It was possibly the most promising summer in Israel's history, but afterward came the fall. It was the most intoxicating summer in our history (not including the deceptive intoxication of the summer of 1967), but perhaps it was also the most misleading one. As in every wild party, the hangover wasn't far behind, with the headaches, nausea and doldrums.
On the night of July 23 the masses thronged to the streets. It was less than two weeks after the first tent was set up on Rothschild Boulevard. Something new and exciting was in the air, the likes of which had not been seen before. I wrote at the time: "One day maybe Israelis will be asked by their children, where were you on the night of the 23rd?" Barely half a year later I fear this question may never be asked. Perhaps it no longer matters.
Prices are rising again, the cottage-cheese discounts are over, the rich are recovering from the blow, the defense budget has grown again, the settlements continue to thrive and Daphni Leef is once again looking for an apartment. The housing shortage, which generated that summer, has not decreased one iota. The word "revolution" has been returned, for the time being, to the history books and dictionaries, and very few still speak about change. The city square is deserted again.
Between the first tent in July and the last to be uprooted from Rothschild Boulevard in October, hope broke forth. Many felt they were a people again. The language, agenda, political jargon, spirit and above all, the power order, changed. Civil society finally woke up and took action. No longer will our fate be sealed merely by cynical politicians and narrow-minded generals.
Tent-dwellers from cities and the periphery, protesters and homeless people alike, felt the power was in their hands. The routine security language was replaced by socio-civil language, the wealthy-worship changed into contempt for their way of life.

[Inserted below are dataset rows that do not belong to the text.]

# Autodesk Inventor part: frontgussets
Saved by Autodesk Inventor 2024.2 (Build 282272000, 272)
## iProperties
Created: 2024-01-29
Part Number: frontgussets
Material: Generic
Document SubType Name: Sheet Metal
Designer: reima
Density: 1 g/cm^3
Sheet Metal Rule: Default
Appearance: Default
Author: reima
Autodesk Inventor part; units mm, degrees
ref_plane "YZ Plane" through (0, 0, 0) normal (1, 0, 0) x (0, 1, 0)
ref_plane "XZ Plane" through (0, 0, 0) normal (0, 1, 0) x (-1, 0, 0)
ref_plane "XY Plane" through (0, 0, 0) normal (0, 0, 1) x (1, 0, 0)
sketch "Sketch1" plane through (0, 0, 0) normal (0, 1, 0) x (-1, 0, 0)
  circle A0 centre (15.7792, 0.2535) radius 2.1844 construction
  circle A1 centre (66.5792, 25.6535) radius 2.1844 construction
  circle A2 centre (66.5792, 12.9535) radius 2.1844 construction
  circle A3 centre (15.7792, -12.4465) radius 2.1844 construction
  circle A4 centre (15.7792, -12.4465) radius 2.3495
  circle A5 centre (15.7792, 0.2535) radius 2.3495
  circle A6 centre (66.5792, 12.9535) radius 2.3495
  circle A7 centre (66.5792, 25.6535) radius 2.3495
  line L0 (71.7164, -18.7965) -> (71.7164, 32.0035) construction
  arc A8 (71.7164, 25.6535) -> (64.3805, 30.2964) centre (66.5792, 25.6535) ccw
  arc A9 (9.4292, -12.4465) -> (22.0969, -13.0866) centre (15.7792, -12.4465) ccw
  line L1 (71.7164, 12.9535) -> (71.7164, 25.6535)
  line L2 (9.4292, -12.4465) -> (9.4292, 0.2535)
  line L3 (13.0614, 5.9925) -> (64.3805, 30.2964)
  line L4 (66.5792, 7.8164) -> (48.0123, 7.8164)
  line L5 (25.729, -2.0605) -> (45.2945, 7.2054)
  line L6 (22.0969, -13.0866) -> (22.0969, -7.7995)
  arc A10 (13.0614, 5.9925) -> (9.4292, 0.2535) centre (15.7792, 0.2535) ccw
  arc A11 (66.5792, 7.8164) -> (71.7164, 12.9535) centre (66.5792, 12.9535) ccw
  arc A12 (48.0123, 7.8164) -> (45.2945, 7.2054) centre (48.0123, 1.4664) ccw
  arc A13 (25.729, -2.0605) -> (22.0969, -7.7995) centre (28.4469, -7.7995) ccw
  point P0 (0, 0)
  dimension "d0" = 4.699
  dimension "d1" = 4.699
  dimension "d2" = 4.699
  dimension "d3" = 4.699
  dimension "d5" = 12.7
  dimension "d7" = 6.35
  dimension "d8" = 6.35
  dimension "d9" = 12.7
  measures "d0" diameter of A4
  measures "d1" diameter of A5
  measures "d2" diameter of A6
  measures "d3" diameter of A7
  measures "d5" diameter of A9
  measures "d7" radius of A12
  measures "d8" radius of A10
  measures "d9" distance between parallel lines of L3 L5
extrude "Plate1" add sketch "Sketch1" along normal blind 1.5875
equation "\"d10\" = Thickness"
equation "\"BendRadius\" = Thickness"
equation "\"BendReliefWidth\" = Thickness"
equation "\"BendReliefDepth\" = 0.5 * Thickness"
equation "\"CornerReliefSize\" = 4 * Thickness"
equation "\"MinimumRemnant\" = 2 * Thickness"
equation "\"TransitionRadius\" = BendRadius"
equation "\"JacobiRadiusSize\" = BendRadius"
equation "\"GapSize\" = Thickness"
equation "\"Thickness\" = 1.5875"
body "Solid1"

But the protest was too impatient, good-tempered and polite. It craved consensus and didn't dare touch the really critical issues, like the defense budget and occupation. But without changing these, no revolution is possible.
This was probably the protest movement's fateful mistake. It wanted too much and didn't get enough. It ended with a committee. But a real revolution cannot end with a committee.
So we've had one summer of hope and an autumn of disappointment, but it's too early to say what remains and what has evaporated. That's what deep currents are like - they change course slowly.
"The rest will be told as Israeli history," Professor Manuel Trajtenberg waxed lyrical at the end of his dramatic news conference. The question what remains to be told, if anything, is hovering in the air. So far only free education from age three remains from Trajtenberg's promises. Too little.
The winter of 2012 is different from the winter of 2011. Not as different as the protesters had hoped, but different. Bank Leumi was forced to cancel a foolish charity competition due to consumers' protest over the participation of Zo Artzeinu, the grandiose weddings of the filthy rich have disappeared and a group of Knesset members had to forfeit the initiative to cancel price tags on supermarket products. The fact that Knesset members even dared to propose such a thing means the protest has failed. Their retraction means it hasn't failed completely.
One may also assume the next election campaign will not focus only on Iran and the West Bank settlements, but also on civil issues.
Daphni Leef has become a celebrity, Stav Shafir is traveling throughout the country, Itzik Shmuli is heading for politics. How will we remember them in the winter of 2013? The people demanded social justice and did not get it. The people is still demanding social justice - but much less.